It feels strange to say that Maine has an employment “crisis” at a time when unemployment is at its lowest rate in decades. Yet, Maine’s low unemployment rates mean that employers are struggling to find workers, particularly in professions that require specialized education and skills.
The good news is that one solution to this issue involves fully utilizing the skills of workers who are already here in Maine. And there is legislation, LD 1492, in the Maine Legislature that would begin to address this problem right now.
Employers throughout Maine likely know and understand this story. They want to hire workers, but there is a mismatch between the skills within their local labor pool and those that they are seeking. Acute needs exist in critically important fields like health care, construction and engineering. Last year, a legislative task force acknowledged that the shortage in skilled labor had reached crisis proportions.

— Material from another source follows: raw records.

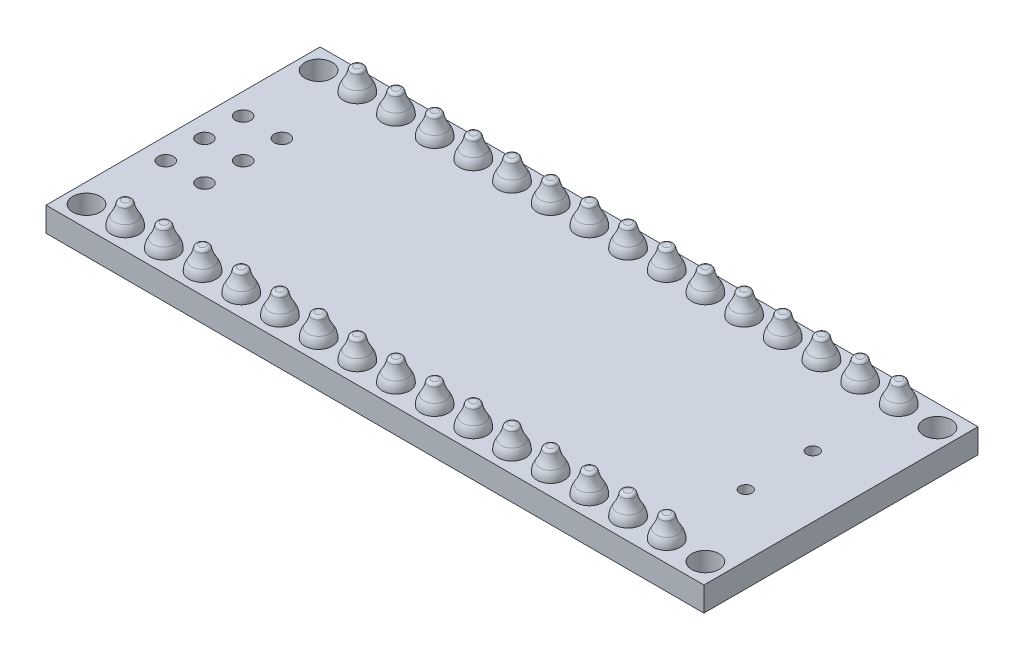
SolidWorks part; units mm, degrees
material "普通碳钢"
ref_plane "Front Plane" through (0, 0, 0) normal (0, 0, 1) x (1, 0, 0)
ref_plane "Top Plane" through (0, 0, 0) normal (0, 1, 0) x (1, 0, 0)
ref_plane "Right Plane" through (0, 0, 0) normal (1, 0, 0) x (0, 0, -1)
sketch "Sketch1" plane through (0, 0, 0) normal (0, 1, 0) x (1, 0, 0)
  line L0 (0, 7.62) -> (-3.82, 7.62) construction
  line L1 (-3.82, 16.62) -> (39.38, 16.62)
  line L2 (-3.82, 16.62) -> (-3.82, -1.38)
  line L3 (-3.82, -1.38) -> (39.38, -1.38)
  line L4 (39.38, 16.62) -> (39.38, -1.38)
  line L5 (0, 0) -> (35.56, 0) construction
  line L6 (0, 0) -> (0, 15.24) construction
  line L7 (0, 15.24) -> (35.56, 15.24) construction
  line L8 (35.56, 0) -> (35.56, 15.24) construction
  line L10 (35.56, 7.62) -> (39.38, 7.62) construction
  dimension "D1" = 43.2
  dimension "D2" = 18
  dimension "D3" = 15.24
  dimension "D4" = 35.56
extrude "Boss-Extrude2" add sketch "Sketch1" along normal blind 1.6
sketch "Sketch2" plane through (0, 0, 0) normal (0, 1, 0) x (1, 0, 0)
  line L0 (0, -0.88) -> (0, 0.88) construction
  line L2 (-0.88, 0) -> (0.88, 0) construction
  circle A0 centre (0, 0) radius 0.45
  circle A1 centre (0, 15.24) radius 0.45
  dimension "D1" = 0.9
  dimension "D2" = 15.24
extrude "Cut-Extrude2" cut sketch "Sketch2" along normal blind 1.6
pattern_linear "LPattern1" count 15 spacing 2.54 along (1, 0, 0) of "Cut-Extrude2"
sketch "Sketch3" plane through (0, 0, 0) normal (0, 1, 0) x (1, 0, 0)
  line L1 (-0.88, 0) -> (0.88, 0) construction
  line L2 (0, -0.88) -> (0, 0.88) construction
  circle A0 centre (0.127, 10.16) radius 0.5
  circle A1 centre (-2.413, 10.16) radius 0.5
  circle A2 centre (-2.413, 7.62) radius 0.5
  circle A3 centre (-2.413, 5.08) radius 0.5
  circle A4 centre (0.127, 5.08) radius 0.5
  circle A5 centre (0.127, 7.62) radius 0.5
  dimension "D1" = 1
  dimension "D5" = 7.62
  dimension "D2" = 2.54
  dimension "D3" = 2.54
  dimension "D4" = 2.54
  dimension "D6" = 2.54
  dimension "D7" = 0.127
extrude "Cut-Extrude4" cut sketch "Sketch3" along normal blind 1.6
sketch "Sketch4" plane through (0, 0, 0) normal (0, 1, 0) x (1, 0, 0)
  line L0 (-0.88, 0) -> (0.88, 0) construction
  line L1 (0, -0.88) -> (0, 0.88) construction
  circle A0 centre (38.1, 15.24) radius 0.9
  circle A1 centre (38.1, 0) radius 0.9
  circle A2 centre (-2.54, 0) radius 0.9
  circle A3 centre (-2.54, 15.24) radius 0.9
  dimension "D3" = 1.8
  dimension "D1" = 40.64
  dimension "D2" = 2.54
  dimension "D4" = 15.24
  dimension "D5" = 15.24
extrude "Cut-Extrude5" cut sketch "Sketch4" along normal blind 1.6
sketch "Sketch5" plane through (0, 1.6, 0) normal (0, 1, 0) x (1, 0, 0)
  circle A0 centre (38.1, 15.24) radius 0.9
  circle A1 centre (38.1, 15.24) radius 1.275
  circle A2 centre (38.1, 15.24) radius 0.9 construction
  circle A3 centre (38.1, 0) radius 0.9
  circle A4 centre (38.1, 0) radius 0.9 construction
  circle A5 centre (38.1, 0) radius 1.275
  circle A6 centre (-2.54, 15.24) radius 0.9
  circle A7 centre (-2.54, 15.24) radius 1.275
  circle A8 centre (-2.54, 0) radius 0.9
  circle A9 centre (-2.54, 0) radius 1.275
  circle A10 centre (-2.54, 15.24) radius 0.9 construction
  circle A11 centre (-2.54, 0) radius 0.9 construction
  dimension "D1" = 2.55
extrude "Boss-Extrude3" [suppressed] add sketch "Sketch5" along normal blind 0.1
sketch "Sketch6" plane through (0, 0, 0) normal (1, 0, 0) x (0, 0, -1)
  line L0 (0, 1.6) -> (0.9, 1.6)
  line L1 (-1.38, 1.6) -> (16.62, 1.6) construction
  line L2 (0.2252, 3.1) -> (0, 3.1)
  line L3 (0, 2.53) -> (0, -2.53) construction
  line L4 (0, 3.1) -> (0, 1.6)
  line L5 (0, 1.3722) -> (0, 3.4408) construction
  arc A0 (0.9, 1.6) -> (0.7139, 2.2122) centre (-0.2, 1.6) ccw
  arc A1 (0.7139, 2.2122) -> (0.4221, 2.9352) centre (2.2924, 3.2697) cw
  arc A2 (0.4221, 2.9352) -> (0.2252, 3.1) centre (0.2252, 2.9) ccw
  point P16 (0.4, 3.1)
  dimension "D4" = 1.1
  dimension "D5" = 1.9
  dimension "D6" = 0.2
  dimension "D1" = 1.5
  dimension "D2" = 0.8
  dimension "D3" = 1.8
revolve "Revolve1" add sketch "Sketch6" angle 360 about L5
pattern_linear "LPattern2" count 2 spacing 15.24 along (0, 0, -1) count 15 spacing 2.54 along (1, 0, 0) of "Revolve1"
ref_plane "Plane3" through (0, 0, -5.08) normal (0, 0, 1) x (1, 0, 0)
sketch "Sketch7" plane through (0, 0, -5.08) normal (0, 0, 1) x (1, 0, 0)
  line L0 (0.127, 3.889) -> (0.127, -2.5597) construction
  line L2 (0, -1.705) -> (0, 1.705) construction
  line L3 (0.127, 0) -> (1.027, 0)
  line L4 (9.9, 0) -> (-9.9, 0) construction
  line L5 (0.127, 0) -> (0.127, -1.5)
  line L6 (0.127, -1.5) -> (0.3395, -1.5)
  arc A0 (0.538, -1.325) -> (0.807, -0.66) centre (1.927, -1.5) cw
  arc A1 (0.807, -0.66) -> (1.027, 0) centre (-0.073, 0) ccw
  arc A2 (0.3395, -1.5) -> (0.538, -1.325) centre (0.3395, -1.3) ccw
  point P16 (0.527, -1.5)
  dimension "D5" = 1.1
  dimension "D6" = 0.2
  dimension "D1" = 0.127
  dimension "D2" = 1.5
  dimension "D3" = 0.8
  dimension "D4" = 1.8
revolve "Revolve2" add sketch "Sketch7" angle 360 about L0
pattern_linear "LPattern3" count 2 spacing 2.54 along (-1, 0, 0) count 3 spacing 2.54 along (0, 0, -1) of "Revolve2"
sketch "Sketch8" plane through (0, 0, 0) normal (0, -1, 0) x (1, 0, 0)
  circle A0 centre (38.1, 0) radius 0.9
  circle A1 centre (38.1, 0) radius 1.275
  circle A2 centre (38.1, -15.24) radius 1.275
  circle A3 centre (38.1, -15.24) radius 0.9
  circle A4 centre (38.1, -15.24) radius 0.9 construction
  circle A5 centre (38.1, 0) radius 0.9 construction
  circle A6 centre (-2.54, 0) radius 0.9
  circle A7 centre (-2.54, 0) radius 1.275
  circle A8 centre (-2.54, -15.24) radius 0.9
  circle A9 centre (-2.54, -15.24) radius 1.275
  circle A10 centre (-2.54, 0) radius 0.9 construction
  circle A11 centre (-2.54, -15.24) radius 0.9 construction
  dimension "D1" = 2.55
extrude "Boss-Extrude4" [suppressed] add sketch "Sketch8" along normal blind 0.1
sketch "Sketch9" plane through (0, 0, 0) normal (0, 1, 0) x (1, 0, 0)
  line L0 (-2.53, 0) -> (2.53, 0) construction
  line L1 (39.38, -1.38) -> (39.38, 16.62) construction
  circle A0 centre (35.33, 5.42) radius 0.4
  circle A1 centre (35.33, 9.82) radius 0.4
  dimension "D1" = 0.8
  dimension "D2" = 4.4
  dimension "D3" = 5.42
  dimension "D4" = 4.05
extrude "Cut-Extrude6" cut sketch "Sketch9" along normal blind 10

The immigration debate often centers on unskilled workers coming to the United States illegally. But many individuals coming here through legal means possess significant skills and education that could fill critical gaps in our labor force.
The Pew Research Center reports that 41 percent of recent immigrants, refugees and asylum seekers in the U.S. have at least a bachelor’s degree. And an even higher proportion have valuable prior work experience. Yet, the Migration Policy Institute reports that as many as 20 percent of those with college education and useful professional skills are unemployed or working in low-skill positions that fail to utilize that experience.
Those who have recently arrived in the U.S. may encounter a host of frustrating obstacles. For many, language is a barrier. They often speak some English but are not quite at the level of proficiency needed for professional success. Or they may have difficulty getting proper licensure or credentials to use their skills here. In addition, the absence of U.S.-based work experience can result in these individuals having to work in entry-level positions when they are qualified to do much more.
These are not insurmountable obstacles. Often, a newly arriving individual just needs a bit of assistance topping off their language skills. Or they need a helping hand navigating the tangles of bureaucracy or a confusing, alien professional landscape. Taking a proactive approach to addressing these challenges would benefit our state’s economy by unlocking the talent and experience that already exist in our state.
The bipartisan LD 1492 seeks to address this squandered capacity in a number of respects. It would create an “Office of New Mainers” within the state executive branch, with a director who would answer to the governor. The goal of this office is to help facilitate the transition of recently arrived Mainers into our communities and into our labor force.
The legislation would also help to fund and support “welcome centers” in areas with significant populations of new Mainers, or in areas where local employers have substantial unmet need for skilled employment. The centers would facilitate access to English language training, career-planning assistance and investment in workforce training.
The bill has broad bipartisan support in the Legislature, but has landed on the “special appropriations table,” a place where “good bills go to die.” Basically, the Legislature needs to find $390,000 in the 2018-2019 fiscal year to invest in these important initiatives before the close of this legislative session. Subsequent years would require additional appropriation, but spending would decline after initial investment and expansion of existing services.
It’s true that there are always more good ideas than we can hope to fund, and that the term “crisis” tends to be overused in politics. But if the Legislature fails to tackle Maine’s shortage of skilled workers, this would have truly disastrous implications for our state’s economy.
LD 1492 is a sound investment in our future viability as a state, and it is a common sense way to take advantage of the significant skills and experience that already reside within our borders. We can no longer afford to waste the untapped human potential of our capable and skilled new Mainers.
Robert W. Glover is an associate professor of political science and honors and Cleo Barker is an undergraduate honors student in international affairs at the University of Maine in Orono. This column reflects their views and expertise, and does not speak on behalf of the university. Glover is a member of the Maine chapter of the national Scholars Strategy Network, which brings together scholars across the country to address public challenges and their policy implications. Members’ columns appear in the BDN every other week.